# Husband is getting TOO comfortable.



## OwlAlwaysLuvU (Oct 9, 2012)

Hi all,

I'm brand new to this forum and I've come here with a problem that I have no one to talk to about. The problem is my husband of almost 3 years seems to be getting a little too comfortable. What I mean by that is he doesn't seem to care about the things he used to. He used to dress to look nice when we go somewhere, keep his hair neat and attractive, and also weighed about 20lbs less.

I understand this must all sound very superficial, but when you look at the man I met and him now it's hard to believe it is the same person. I love him regardless of how he looks, but I put effort into my appearance because I want him to be attracted to me physically. I just wish he'd do the same. He constantly complains about his weight but does nothing about it. I've told him that we are BOTH going to eat healthy and I even started doing P90X Lean in an effort to get him motivated and wanting to do it as well. That was a failure and I ended up doing it all alone. I'd like him to make an effort not only for the outward benefits for but the health benefits as well. I feel myself turned off by the growing belly, unkempt hair and lack of effort in appearance.

How do I tell him how I feel without hurting him? Is that even possible. Thank you in advance for your input.


----------



## L.M.COYL (Nov 16, 2010)

You can't really. He will be offended. All you can do is offer yourself as an example, but you need to take care even in doing that so that he doesn't feel like you're being manipulative.

I have the same issue wherein my partner hasn't the motivation, all I have done is stick to my regimen and hope for the best. 
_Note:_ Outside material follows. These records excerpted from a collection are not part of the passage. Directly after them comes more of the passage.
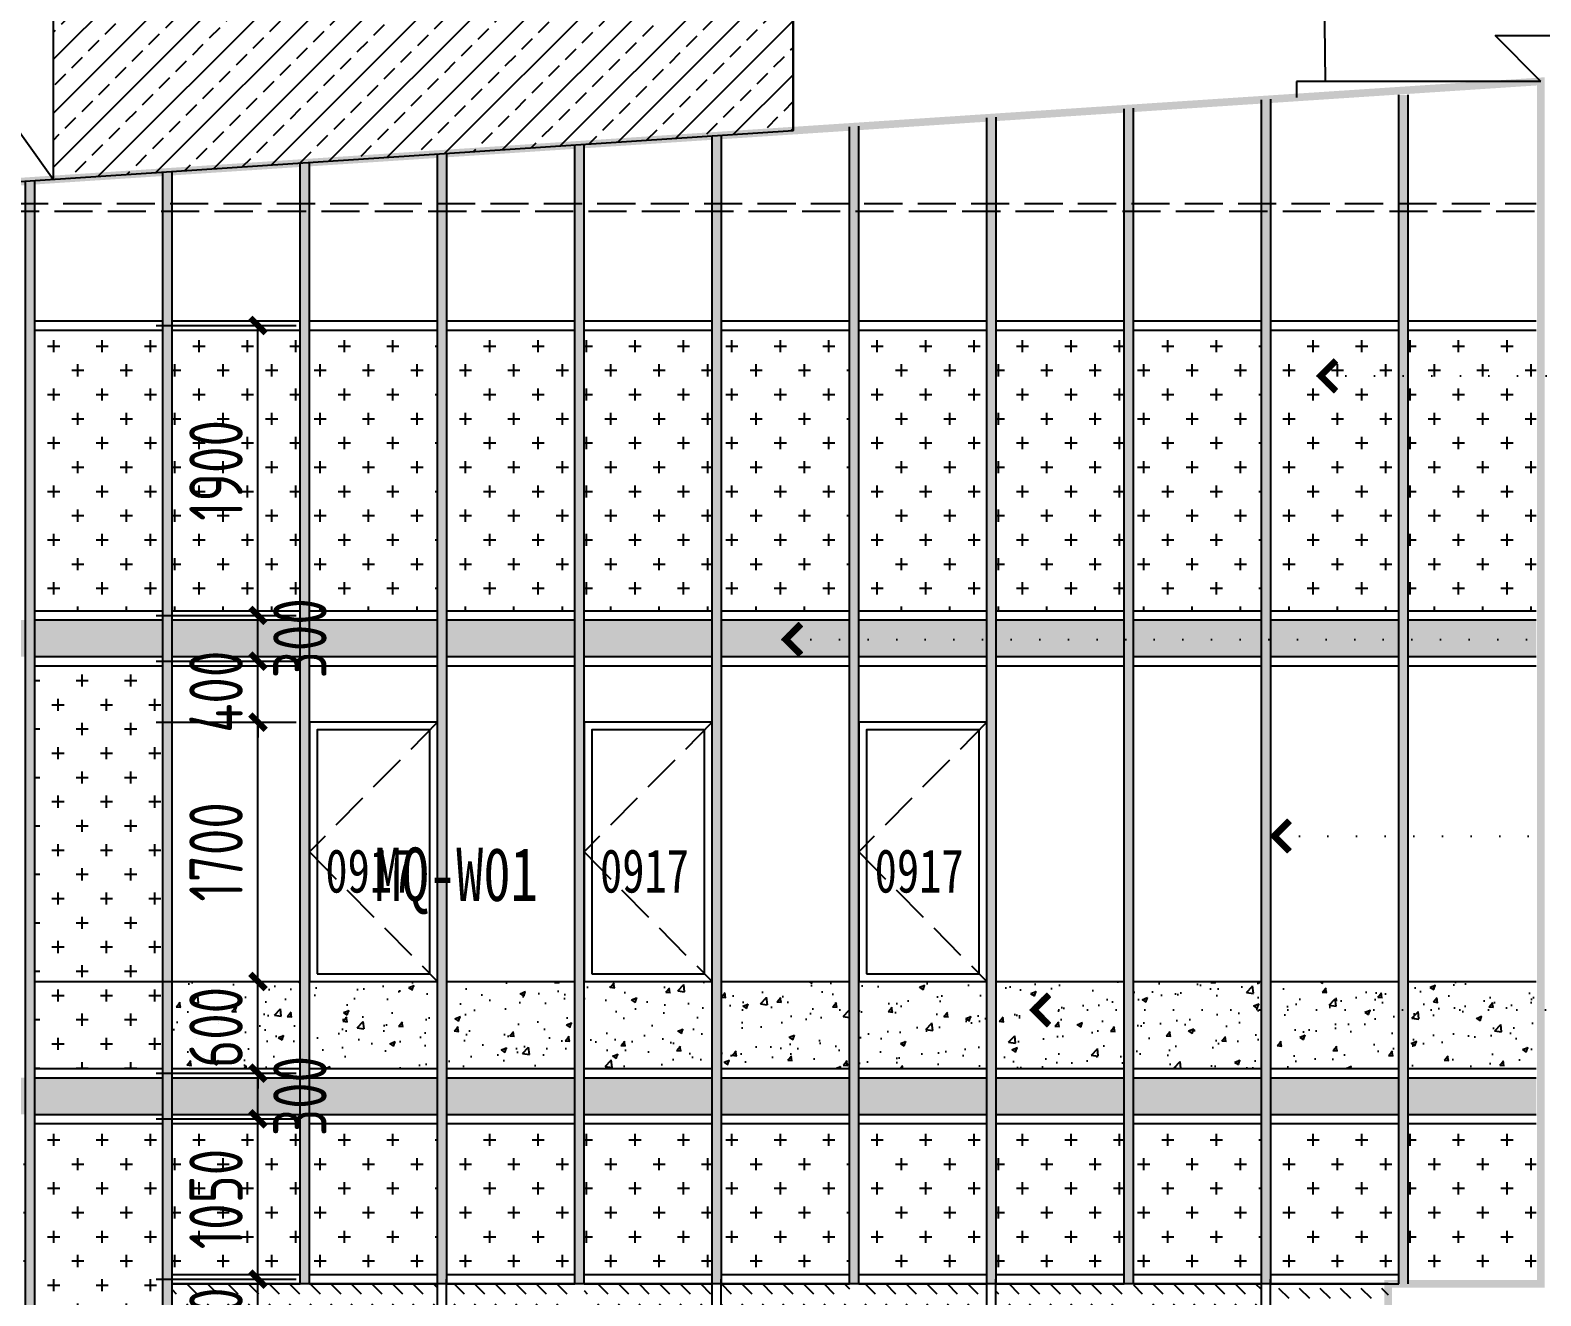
# Model space of a CAD drawing. Extents: x -280168 to 205214, y -148835 to -64913.
# Drawn here: x 150780 to 160680, y -135341 to -127047 of the extents above; entities that cross this region are included whole.
import ezdxf
from ezdxf.xclip import XClip

# ---------------------------------------------------------------- set-up
doc = ezdxf.new("R2010")
doc.units = 0
doc.header["$LTSCALE"] = 1000
doc.header["$MEASUREMENT"] = 0
doc.header["$XCLIPFRAME"] = 0
doc.linetypes.add('DASH', pattern=[0.35, 0.25, -0.1])
doc.linetypes.add('DOT2', pattern=[0.125, 0, -0.125])
for name, color, linetype in [('01-标注_尺寸', 124, 'Continuous'), ('01-标注_标高', 200, 'Continuous'), ('01-标注_符号', 200, 'Continuous'), ('05-填充_156', 156, 'Continuous'), ('05-填充_18', 18, 'Continuous'), ('05-填充_天正', 14, 'Continuous'), ('A-C_玻璃幕墙', 140, 'Continuous'), ('A-C_窗', 140, 'Continuous'), ('A-E_栏杆', 232, 'Continuous'), ('D-铝板', 181, 'Continuous'), ('E-立面轮廓', 241, 'Continuous')]:
    doc.layers.add(name, color=color, linetype=linetype)
doc.layers.add('04-不打印_辅助线', color=165, linetype='Continuous', plot=False)
doc.styles.add('_TCH_DIM_T3', font='ros1.shx', dxfattribs={"width": 0.85, "bigfont": 'jd.shx'})
doc.styles.add('logo-3', font='STXIHEI_0.TTF', dxfattribs={"width": 0.75})
doc.styles.get("Standard").update_dxf_attribs({"font": 'STXIHEI_0.TTF', "width": 0.75})
doc.dimstyles.new('_TCH_ARCH&&100', dxfattribs={"dimtxt": 350, "dimasz": 100, "dimexe": 250, "dimexo": 300, "dimgap": 100, "dimtad": 1, "dimdec": 0, "dimzin": 0, "dimdsep": 46, "dimtxsty": '_TCH_DIM_T3', "dimblk": 'ARCHTICK', "dimcen": 0.09, "dimclrt": 7, "dimazin": 2, "dimtfac": 1, "dimtdec": 0, "dimtix": 1, "dimtmove": 2, "dimatfit": 3, "dimfxl": 0, "dimtolj": 1, "dimtzin": 0, "dimarcsym": 0})
doc.dimstyles.new('副本 ISO-1', dxfattribs={"dimtxt": 2.5, "dimasz": 1.5, "dimexe": 1.25, "dimexo": 0.625, "dimtad": 1, "dimdec": 0, "dimtxsty": 'logo-3', "dimblk": 'ARCHTICK', "dimcen": 2.5, "dimdle": 1, "dimadec": 0, "dimazin": 0, "dimtfac": 1, "dimtdec": 0, "dimtix": 1, "dimtmove": 0, "dimatfit": 3, "dimldrblk": 'AR', "dimfxl": 0, "dimarcsym": 0})
pattern_1 = [(0, (-156128.72, 157462.89), (158.75, 158.75), [79.375, -238.125]), (90, (-156089.03, 157423.2), (-158.75, 158.75), [79.375, -238.125])]

# ---------------------------------------------------------------- blocks, each defined once
blk = doc.blocks.new('*U21')
at = {"layer": 'A-C_玻璃幕墙'}
for p, q in [((-30, -2025), (-30, 2025)), ((30, -2025), (30, 2025))]:
    blk.add_line(p, q, dxfattribs=at)
blk = doc.blocks.new('*U22')
at = {"layer": 'A-C_玻璃幕墙', "color": 0, "linetype": 'ByBlock', "lineweight": -2, "transparency": 16777216}
for p in [(-5400, 0), (-3600, 0), (-1800, 0), (0, 0)]:
    blk.add_blockref('*U21', p, dxfattribs=at)
blk = doc.blocks.new('*U23')
at = {"layer": '05-填充_18', "const_width": 60}
blk.add_lwpolyline([(0, -2025), (0, 2025)], dxfattribs=at)
at = {"layer": 'D-铝板'}
for p, q in [((-30, -2025), (-30, 2025)), ((30, -2025), (30, 2025))]:
    blk.add_line(p, q, dxfattribs=at)
blk = doc.blocks.new('*U24')
at = {"layer": 'D-铝板', "color": 0, "linetype": 'ByBlock', "lineweight": -2, "transparency": 16777216}
for p in [(0, 0), (900, 0), (1800, 0), (2700, 0), (3600, 0), (4500, 0), (5400, 0), (6300, 0), (7200, 0), (8100, 0)]:
    blk.add_blockref('*U23', p, dxfattribs=at)
blk = doc.blocks.new('*U25')
at = {"layer": '05-填充_18', "const_width": 60}
blk.add_lwpolyline([(0, -2025), (0, 5765.7)], dxfattribs=at)
at = {"layer": 'D-铝板'}
for p, q in [((-30, -2025), (-30, 5767.6)), ((30, -2025), (30, 5767.6))]:
    blk.add_line(p, q, dxfattribs=at)
blk = doc.blocks.new('*U26')
at = {"layer": 'D-铝板', "color": 0, "linetype": 'ByBlock', "lineweight": -2, "transparency": 16777216}
for p in [(7200, 0), (8100, 0), (9000, 0), (9900, 0), (10800, 0), (11700, 0), (12600, 0), (13500, 0), (14400, 0), (15300, 0), (16200, 0)]:
    blk.add_blockref('*U25', p, dxfattribs=at)
blk = doc.blocks.new('*U27')
at = {"layer": 'A-C_玻璃幕墙'}
for p, q in [((-420, 30), (420, 30)), ((-420, -30), (420, -30))]:
    blk.add_line(p, q, dxfattribs=at)
blk = doc.blocks.new('*U28')
at = {"layer": 'A-C_玻璃幕墙', "color": 0, "linetype": 'ByBlock', "lineweight": -2, "transparency": 16777216}
for p in [(7200, 0), (8100, 0), (9000, 0), (9900, 0), (10800, 0), (11700, 0), (12600, 0), (13500, 0), (14400, 0), (15300, 0), (16200, 0)]:
    blk.add_blockref('*U27', p, dxfattribs=at)
blk = doc.blocks.new('*U29')
at = {"layer": 'A-C_玻璃幕墙'}
for p, q in [((-420, 30), (420, 30)), ((-420, -30), (420, -30))]:
    blk.add_line(p, q, dxfattribs=at)
blk = doc.blocks.new('*U30')
at = {"layer": 'A-C_玻璃幕墙', "color": 0, "linetype": 'ByBlock', "lineweight": -2, "transparency": 16777216}
for p in [(0, 0), (900, 0), (1800, 0), (2700, 0), (3600, 0), (4500, 0), (5400, 0), (6300, 0), (7200, 0)]:
    blk.add_blockref('*U29', p, dxfattribs=at)
blk = doc.blocks.new('*U31')
at = {"layer": 'A-C_玻璃幕墙'}
for p, q in [((-420, 30), (420, 30)), ((-420, -30), (420, -30))]:
    blk.add_line(p, q, dxfattribs=at)
blk = doc.blocks.new('*U32')
at = {"layer": 'A-C_玻璃幕墙', "color": 0, "linetype": 'ByBlock', "lineweight": -2, "transparency": 16777216}
for p in [(7200, 0), (8100, 0), (9000, 0), (9900, 0), (10800, 0), (11700, 0), (12600, 0), (13500, 0), (14400, 0), (15300, 0), (16200, 0)]:
    blk.add_blockref('*U31', p, dxfattribs=at)
blk = doc.blocks.new('*U35')
at = {"layer": 'A-C_玻璃幕墙'}
blk.add_line((-420, 0), (420, 0), dxfattribs=at)
blk = doc.blocks.new('*U36')
at = {"layer": 'A-C_玻璃幕墙', "color": 0, "linetype": 'ByBlock', "lineweight": -2, "transparency": 16777216}
for p in [(2700, 0), (3600, 0), (4500, 0), (5400, 0), (6300, 0), (7200, 0), (8100, 0), (9000, 0), (9900, 0), (10800, 0), (11700, 0)]:
    blk.add_blockref('*U35', p, dxfattribs=at)
blk = doc.blocks.new('*U37')
at = {"layer": 'A-C_玻璃幕墙'}
for p, q in [((-420, 30), (420, 30)), ((-420, -30), (420, -30))]:
    blk.add_line(p, q, dxfattribs=at)
blk = doc.blocks.new('*U38')
at = {"layer": 'A-C_玻璃幕墙', "color": 0, "linetype": 'ByBlock', "lineweight": -2, "transparency": 16777216}
for p in [(7200, 0), (8100, 0), (9000, 0), (9900, 0), (10800, 0), (11700, 0), (12600, 0), (13500, 0), (14400, 0), (15300, 0), (16200, 0)]:
    blk.add_blockref('*U37', p, dxfattribs=at)
blk = doc.blocks.new('*U39')
at = {"layer": 'A-C_玻璃幕墙'}
for p, q in [((-420, 30), (420, 30)), ((-420, -30), (420, -30))]:
    blk.add_line(p, q, dxfattribs=at)
blk = doc.blocks.new('*U40')
at = {"layer": 'A-C_玻璃幕墙', "color": 0, "linetype": 'ByBlock', "lineweight": -2, "transparency": 16777216}
for p in [(7200, 0), (8100, 0), (9000, 0), (9900, 0), (10800, 0), (11700, 0), (12600, 0), (13500, 0), (14400, 0), (15300, 0), (16200, 0)]:
    blk.add_blockref('*U39', p, dxfattribs=at)
blk = doc.blocks.new('*U41')
at = {"layer": 'A-C_玻璃幕墙'}
for p, q in [((-420, 30), (420, 30)), ((-420, -30), (420, -30))]:
    blk.add_line(p, q, dxfattribs=at)
blk = doc.blocks.new('*U42')
at = {"layer": 'A-C_玻璃幕墙', "color": 0, "linetype": 'ByBlock', "lineweight": -2, "transparency": 16777216}
for p in [(7200, 0), (8100, 0), (9000, 0), (9900, 0), (10800, 0), (11700, 0), (12600, 0), (13500, 0), (14400, 0), (15300, 0), (16200, 0)]:
    blk.add_blockref('*U41', p, dxfattribs=at)
blk = doc.blocks.new('*U47')
at = {"layer": '05-填充_156'}
h = blk.add_hatch(dxfattribs=at)
h.set_pattern_fill('CROSS', color=136, scale=100)
h.set_pattern_definition([(0, (-156128.72, 157902.89), (158.75, 158.75), [79.375, -238.125]), (90, (-156089.03, 157863.2), (-158.75, 158.75), [79.375, -238.125])])
h.paths.add_polyline_path([(-420, 920), (420, 920), (420, -920), (-420, -920)])
blk = doc.blocks.new('*U48')
at = {"color": 0, "linetype": 'ByBlock', "lineweight": -2, "transparency": 16777216}
for p in [(7200, 0), (8100, 0), (9000, 0), (9900, 0), (10800, 0), (11700, 0), (12600, 0), (13500, 0), (14400, 0), (15300, 0), (16200, 0)]:
    blk.add_blockref('*U47', p, dxfattribs=at)
blk = doc.blocks.new('*U49')
at = {"layer": '05-填充_18', "const_width": 240}
blk.add_lwpolyline([(-420, 0), (420, 0)], dxfattribs=at)
blk = doc.blocks.new('*U50')
at = {"layer": '05-填充_18', "color": 0, "linetype": 'ByBlock', "lineweight": -2, "transparency": 16777216}
for p in [(6300, 0), (7200, 0), (8100, 0), (9000, 0), (9900, 0), (10800, 0), (11700, 0), (12600, 0), (13500, 0), (14400, 0), (15300, 0), (16200, 0)]:
    blk.add_blockref('*U49', p, dxfattribs=at)
blk = doc.blocks.new('*U53')
at = {"layer": '05-填充_18', "const_width": 240}
blk.add_lwpolyline([(-420, 0), (420, 0)], dxfattribs=at)
blk = doc.blocks.new('*U54')
at = {"layer": '05-填充_18', "color": 0, "linetype": 'ByBlock', "lineweight": -2, "transparency": 16777216}
for p in [(6300, 0), (7200, 0), (8100, 0), (9000, 0), (9900, 0), (10800, 0), (11700, 0), (12600, 0), (13500, 0), (14400, 0), (15300, 0), (16200, 0)]:
    blk.add_blockref('*U53', p, dxfattribs=at)
blk = doc.blocks.new('*U55')
at = {"layer": '05-填充_156'}
h = blk.add_hatch(dxfattribs=at)
h.set_pattern_fill('CROSS', color=136, scale=100)
h.set_pattern_definition(pattern_1)
h.paths.add_polyline_path([(-420, 480), (420, 480), (420, -480), (-420, -480)])
blk = doc.blocks.new('*U56')
at = {"color": 0, "linetype": 'ByBlock', "lineweight": -2, "transparency": 16777216}
for p in [(0, 0), (900, 0), (1800, 0), (2700, 0), (3600, 0), (4500, 0), (5400, 0), (6300, 0), (7200, 0), (8100, 0)]:
    blk.add_blockref('*U55', p, dxfattribs=at)
blk = doc.blocks.new('*U57')
at = {"layer": '05-填充_156'}
h = blk.add_hatch(dxfattribs=at)
h.set_pattern_fill('DASH', color=256, scale=100, angle=315)
h.set_pattern_definition([(315, (-156128.72, 163512.89), (134.70384, -3e-14), [95.25, -95.25])])
h.paths.add_polyline_path([(-420, 310), (420, 310), (420, -310), (-420, -310)])
blk = doc.blocks.new('*U58')
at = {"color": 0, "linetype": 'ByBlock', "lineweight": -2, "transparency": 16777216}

I know too, that I have been a pain in my own ways in the past which she put up with. Marriage is give, take, ebb and flow and at the end sometimes the best you can get is an imbalanced compromise. Still, I love my woman and will wait. As to the future, it will bring what it will.


----------



## Hope1964 (Sep 26, 2011)

L.M.COYL said:


> You can't really. He will be offended. All you can do is offer yourself as an example, but you need to take care even in doing that so that he doesn't feel like you're being manipulative.
> 
> I have the same issue wherein my partner hasn't the motivation, all I have done is stick to my regimen and hope for the best.
> 
> I know too, that I have been a pain in my own ways in the past which she put up with. Marriage is give, take, ebb and flow and at the end sometimes the best you can get is an imbalanced compromise. Still, I love my woman and will wait. As to the future, it will bring what it will.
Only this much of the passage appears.